== Segment start ==

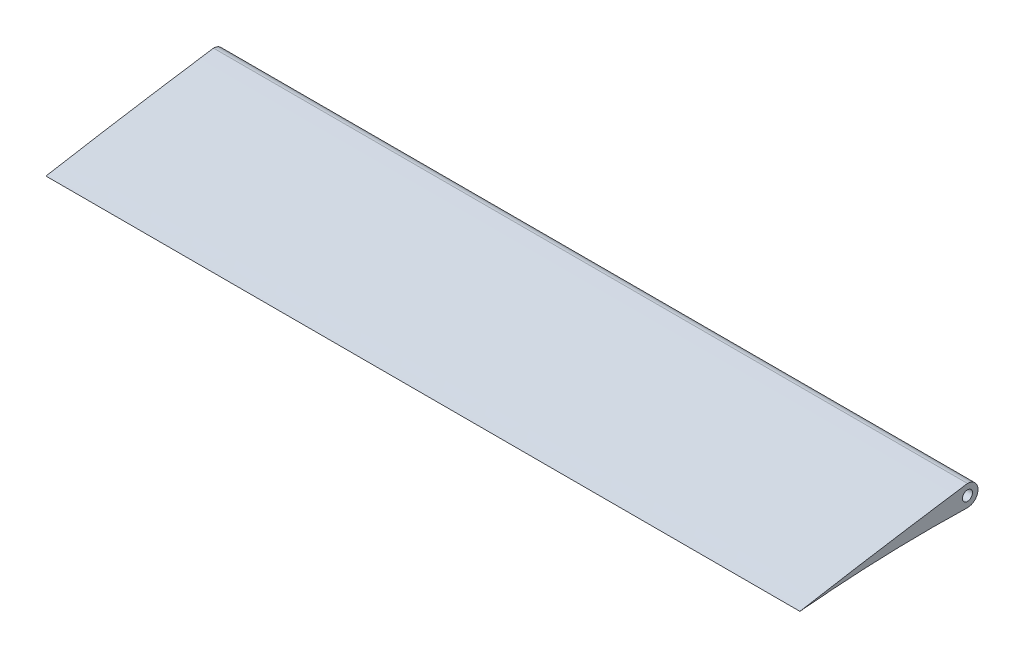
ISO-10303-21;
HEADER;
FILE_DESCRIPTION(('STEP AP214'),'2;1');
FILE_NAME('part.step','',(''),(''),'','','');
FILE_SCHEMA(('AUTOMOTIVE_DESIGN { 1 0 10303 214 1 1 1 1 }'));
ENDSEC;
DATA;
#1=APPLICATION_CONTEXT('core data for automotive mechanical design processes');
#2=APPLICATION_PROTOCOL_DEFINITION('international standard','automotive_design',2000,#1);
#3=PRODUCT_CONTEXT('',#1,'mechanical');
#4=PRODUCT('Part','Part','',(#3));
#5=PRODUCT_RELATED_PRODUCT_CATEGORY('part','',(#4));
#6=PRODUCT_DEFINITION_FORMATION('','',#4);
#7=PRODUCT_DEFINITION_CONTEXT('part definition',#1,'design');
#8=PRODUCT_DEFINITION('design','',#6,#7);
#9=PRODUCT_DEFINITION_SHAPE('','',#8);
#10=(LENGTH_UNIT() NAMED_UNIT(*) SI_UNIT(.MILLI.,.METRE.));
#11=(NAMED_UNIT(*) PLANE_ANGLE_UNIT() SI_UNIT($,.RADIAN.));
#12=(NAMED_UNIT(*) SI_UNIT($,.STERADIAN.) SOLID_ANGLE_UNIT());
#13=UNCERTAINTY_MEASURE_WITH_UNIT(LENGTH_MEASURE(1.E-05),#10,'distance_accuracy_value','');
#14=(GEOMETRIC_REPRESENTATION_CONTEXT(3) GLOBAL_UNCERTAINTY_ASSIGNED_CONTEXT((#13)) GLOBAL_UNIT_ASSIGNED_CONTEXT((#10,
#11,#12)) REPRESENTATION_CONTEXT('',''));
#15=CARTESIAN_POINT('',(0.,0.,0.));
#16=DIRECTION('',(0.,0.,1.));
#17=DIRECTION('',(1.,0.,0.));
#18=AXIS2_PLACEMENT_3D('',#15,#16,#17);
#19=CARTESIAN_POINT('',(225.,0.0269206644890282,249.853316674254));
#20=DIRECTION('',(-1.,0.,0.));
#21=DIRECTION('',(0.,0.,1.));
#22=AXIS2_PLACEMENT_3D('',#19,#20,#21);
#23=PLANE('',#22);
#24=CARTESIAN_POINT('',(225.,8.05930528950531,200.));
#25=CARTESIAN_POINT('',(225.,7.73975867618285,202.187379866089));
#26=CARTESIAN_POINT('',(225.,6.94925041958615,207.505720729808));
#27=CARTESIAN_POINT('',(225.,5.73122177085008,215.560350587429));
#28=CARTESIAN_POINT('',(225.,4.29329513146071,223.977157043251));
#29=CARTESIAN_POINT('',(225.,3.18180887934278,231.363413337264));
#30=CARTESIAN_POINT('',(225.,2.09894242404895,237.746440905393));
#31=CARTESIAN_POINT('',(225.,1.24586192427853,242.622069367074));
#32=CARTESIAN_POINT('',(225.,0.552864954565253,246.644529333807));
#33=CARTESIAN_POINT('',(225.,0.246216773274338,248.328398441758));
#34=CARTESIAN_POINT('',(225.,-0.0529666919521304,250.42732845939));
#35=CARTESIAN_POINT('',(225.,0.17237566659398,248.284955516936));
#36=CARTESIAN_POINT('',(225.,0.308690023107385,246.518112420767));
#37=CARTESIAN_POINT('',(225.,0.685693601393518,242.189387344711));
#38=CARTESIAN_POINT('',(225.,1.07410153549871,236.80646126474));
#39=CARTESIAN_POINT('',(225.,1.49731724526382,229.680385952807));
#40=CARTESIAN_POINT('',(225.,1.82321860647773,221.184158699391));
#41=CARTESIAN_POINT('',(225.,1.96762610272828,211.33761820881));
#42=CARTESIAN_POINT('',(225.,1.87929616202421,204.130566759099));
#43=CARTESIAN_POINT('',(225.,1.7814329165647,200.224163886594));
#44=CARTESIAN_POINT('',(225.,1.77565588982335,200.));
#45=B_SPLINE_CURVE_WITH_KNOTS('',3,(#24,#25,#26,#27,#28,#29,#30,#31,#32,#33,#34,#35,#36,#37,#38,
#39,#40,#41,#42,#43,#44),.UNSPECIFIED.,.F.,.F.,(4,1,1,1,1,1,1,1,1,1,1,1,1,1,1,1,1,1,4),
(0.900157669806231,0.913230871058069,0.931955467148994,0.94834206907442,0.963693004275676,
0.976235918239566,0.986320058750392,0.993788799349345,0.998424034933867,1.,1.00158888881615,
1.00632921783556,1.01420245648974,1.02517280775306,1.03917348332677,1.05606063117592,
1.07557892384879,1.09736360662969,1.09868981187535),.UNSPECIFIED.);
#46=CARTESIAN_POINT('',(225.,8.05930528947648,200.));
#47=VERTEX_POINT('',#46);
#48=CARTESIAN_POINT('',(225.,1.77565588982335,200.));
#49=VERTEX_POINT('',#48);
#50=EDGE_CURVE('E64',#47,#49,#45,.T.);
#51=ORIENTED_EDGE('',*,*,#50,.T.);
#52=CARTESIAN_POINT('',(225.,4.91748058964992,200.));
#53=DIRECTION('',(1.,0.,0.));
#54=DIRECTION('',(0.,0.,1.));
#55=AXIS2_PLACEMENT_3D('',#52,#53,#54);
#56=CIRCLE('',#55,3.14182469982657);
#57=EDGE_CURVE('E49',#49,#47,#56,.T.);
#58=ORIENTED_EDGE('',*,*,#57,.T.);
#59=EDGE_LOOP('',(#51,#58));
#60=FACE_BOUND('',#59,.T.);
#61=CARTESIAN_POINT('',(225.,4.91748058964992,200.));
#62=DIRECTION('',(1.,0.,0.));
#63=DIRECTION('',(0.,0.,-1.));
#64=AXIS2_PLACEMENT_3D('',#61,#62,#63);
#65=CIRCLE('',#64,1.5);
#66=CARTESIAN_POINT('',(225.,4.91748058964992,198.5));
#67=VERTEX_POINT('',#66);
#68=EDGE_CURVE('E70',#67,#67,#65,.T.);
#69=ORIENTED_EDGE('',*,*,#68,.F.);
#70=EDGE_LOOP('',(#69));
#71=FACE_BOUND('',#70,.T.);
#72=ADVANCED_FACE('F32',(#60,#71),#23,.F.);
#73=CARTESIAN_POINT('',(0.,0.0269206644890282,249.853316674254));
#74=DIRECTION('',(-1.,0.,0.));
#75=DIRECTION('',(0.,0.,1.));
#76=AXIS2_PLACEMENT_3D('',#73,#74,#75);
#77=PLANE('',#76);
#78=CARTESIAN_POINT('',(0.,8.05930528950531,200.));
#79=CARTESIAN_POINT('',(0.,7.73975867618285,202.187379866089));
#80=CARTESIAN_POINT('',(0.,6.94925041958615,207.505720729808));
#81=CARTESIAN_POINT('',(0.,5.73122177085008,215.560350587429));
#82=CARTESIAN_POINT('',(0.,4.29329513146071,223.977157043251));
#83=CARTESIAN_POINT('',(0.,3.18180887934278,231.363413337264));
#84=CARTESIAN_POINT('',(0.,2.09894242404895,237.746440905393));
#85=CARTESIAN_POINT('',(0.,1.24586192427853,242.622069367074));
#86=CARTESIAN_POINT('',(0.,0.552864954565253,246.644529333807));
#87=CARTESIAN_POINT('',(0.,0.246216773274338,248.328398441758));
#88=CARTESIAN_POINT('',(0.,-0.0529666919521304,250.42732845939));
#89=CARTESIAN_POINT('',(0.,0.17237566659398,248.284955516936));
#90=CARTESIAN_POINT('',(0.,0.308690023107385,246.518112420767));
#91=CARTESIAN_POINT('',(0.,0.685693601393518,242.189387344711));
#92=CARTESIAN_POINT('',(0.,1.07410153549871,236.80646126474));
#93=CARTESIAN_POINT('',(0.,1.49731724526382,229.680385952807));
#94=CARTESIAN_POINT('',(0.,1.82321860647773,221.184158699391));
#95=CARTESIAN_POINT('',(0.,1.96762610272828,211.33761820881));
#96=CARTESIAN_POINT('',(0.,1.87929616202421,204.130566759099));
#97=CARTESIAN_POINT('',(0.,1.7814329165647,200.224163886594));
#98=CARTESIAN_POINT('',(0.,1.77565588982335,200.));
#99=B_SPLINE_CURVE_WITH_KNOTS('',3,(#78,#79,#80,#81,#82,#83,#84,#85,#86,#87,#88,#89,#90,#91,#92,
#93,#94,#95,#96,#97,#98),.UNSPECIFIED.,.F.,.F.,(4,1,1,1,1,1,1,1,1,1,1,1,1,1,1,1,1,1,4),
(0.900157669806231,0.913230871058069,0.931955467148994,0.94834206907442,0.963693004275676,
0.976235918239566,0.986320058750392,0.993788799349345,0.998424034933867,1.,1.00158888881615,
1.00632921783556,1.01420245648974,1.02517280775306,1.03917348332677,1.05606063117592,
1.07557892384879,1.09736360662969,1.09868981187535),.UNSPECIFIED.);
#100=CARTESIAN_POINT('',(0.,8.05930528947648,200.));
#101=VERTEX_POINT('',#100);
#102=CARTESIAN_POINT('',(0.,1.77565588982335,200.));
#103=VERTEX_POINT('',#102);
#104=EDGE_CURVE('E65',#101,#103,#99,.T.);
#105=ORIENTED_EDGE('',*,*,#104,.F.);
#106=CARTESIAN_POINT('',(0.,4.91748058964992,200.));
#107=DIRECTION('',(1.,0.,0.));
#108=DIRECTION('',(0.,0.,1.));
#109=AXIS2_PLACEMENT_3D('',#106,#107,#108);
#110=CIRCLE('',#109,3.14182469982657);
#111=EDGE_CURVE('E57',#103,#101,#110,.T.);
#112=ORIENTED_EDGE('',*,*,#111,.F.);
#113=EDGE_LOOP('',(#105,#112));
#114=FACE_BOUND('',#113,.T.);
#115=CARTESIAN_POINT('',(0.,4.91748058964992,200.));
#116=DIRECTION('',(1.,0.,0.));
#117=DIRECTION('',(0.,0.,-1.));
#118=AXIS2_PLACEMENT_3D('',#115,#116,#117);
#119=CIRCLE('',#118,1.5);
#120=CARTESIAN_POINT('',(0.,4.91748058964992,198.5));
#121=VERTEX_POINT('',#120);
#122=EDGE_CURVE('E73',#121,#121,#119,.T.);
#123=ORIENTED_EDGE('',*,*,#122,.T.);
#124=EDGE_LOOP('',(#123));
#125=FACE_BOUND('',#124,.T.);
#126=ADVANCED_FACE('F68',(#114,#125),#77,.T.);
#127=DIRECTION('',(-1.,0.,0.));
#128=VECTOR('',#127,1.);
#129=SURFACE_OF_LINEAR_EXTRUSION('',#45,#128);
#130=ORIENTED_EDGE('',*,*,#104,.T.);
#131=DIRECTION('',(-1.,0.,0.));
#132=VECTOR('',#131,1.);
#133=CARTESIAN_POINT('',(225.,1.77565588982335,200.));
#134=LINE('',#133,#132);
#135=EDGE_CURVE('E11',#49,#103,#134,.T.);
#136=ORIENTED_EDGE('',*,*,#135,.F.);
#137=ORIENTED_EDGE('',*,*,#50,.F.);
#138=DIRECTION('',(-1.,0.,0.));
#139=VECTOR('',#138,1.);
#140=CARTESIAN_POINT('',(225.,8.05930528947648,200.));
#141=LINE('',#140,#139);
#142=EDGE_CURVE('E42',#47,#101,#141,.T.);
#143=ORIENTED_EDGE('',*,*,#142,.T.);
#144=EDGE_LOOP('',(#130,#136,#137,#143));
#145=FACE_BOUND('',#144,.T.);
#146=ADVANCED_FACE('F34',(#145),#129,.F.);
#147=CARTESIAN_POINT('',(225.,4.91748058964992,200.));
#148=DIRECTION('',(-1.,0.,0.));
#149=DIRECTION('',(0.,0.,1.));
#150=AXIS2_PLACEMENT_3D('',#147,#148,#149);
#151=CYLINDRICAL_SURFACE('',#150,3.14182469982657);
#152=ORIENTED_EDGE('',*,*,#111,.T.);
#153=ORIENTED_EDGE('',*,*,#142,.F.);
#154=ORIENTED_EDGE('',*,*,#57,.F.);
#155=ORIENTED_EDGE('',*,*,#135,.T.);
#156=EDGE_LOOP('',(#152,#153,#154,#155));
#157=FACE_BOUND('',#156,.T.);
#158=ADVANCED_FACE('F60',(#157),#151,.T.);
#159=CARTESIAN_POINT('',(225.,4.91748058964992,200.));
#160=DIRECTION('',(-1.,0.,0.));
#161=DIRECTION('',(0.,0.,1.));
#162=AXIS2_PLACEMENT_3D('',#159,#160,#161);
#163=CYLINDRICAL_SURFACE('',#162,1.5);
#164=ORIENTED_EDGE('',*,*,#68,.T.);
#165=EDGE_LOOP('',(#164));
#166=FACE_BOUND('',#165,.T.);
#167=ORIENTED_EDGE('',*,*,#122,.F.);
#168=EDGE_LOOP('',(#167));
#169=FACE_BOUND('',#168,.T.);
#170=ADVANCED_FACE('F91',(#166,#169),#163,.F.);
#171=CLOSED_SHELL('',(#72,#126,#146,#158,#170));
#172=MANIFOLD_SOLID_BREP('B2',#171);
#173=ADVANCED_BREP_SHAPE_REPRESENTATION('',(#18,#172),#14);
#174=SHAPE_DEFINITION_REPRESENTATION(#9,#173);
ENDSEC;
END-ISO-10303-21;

== Segment end ==

**TASK BRIEF:** Above are the entries. Quote exactly the lines from the one bearing "#138=DIRECTION('',(-1.,0.,0.));" through the one bearing "#156=EDGE_LOOP('',(#152,#153,#154,#155));".

**RESPONSE AREA:**
#138=DIRECTION('',(-1.,0.,0.));
#139=VECTOR('',#138,1.);
#140=CARTESIAN_POINT('',(225.,8.05930528947648,200.));
#141=LINE('',#140,#139);
#142=EDGE_CURVE('E42',#47,#101,#141,.T.);
#143=ORIENTED_EDGE('',*,*,#142,.T.);
#144=EDGE_LOOP('',(#130,#136,#137,#143));
#145=FACE_BOUND('',#144,.T.);
#146=ADVANCED_FACE('F34',(#145),#129,.F.);
#147=CARTESIAN_POINT('',(225.,4.91748058964992,200.));
#148=DIRECTION('',(-1.,0.,0.));
#149=DIRECTION('',(0.,0.,1.));
#150=AXIS2_PLACEMENT_3D('',#147,#148,#149);
#151=CYLINDRICAL_SURFACE('',#150,3.14182469982657);
#152=ORIENTED_EDGE('',*,*,#111,.T.);
#153=ORIENTED_EDGE('',*,*,#142,.F.);
#154=ORIENTED_EDGE('',*,*,#57,.F.);
#155=ORIENTED_EDGE('',*,*,#135,.T.);
#156=EDGE_LOOP('',(#152,#153,#154,#155));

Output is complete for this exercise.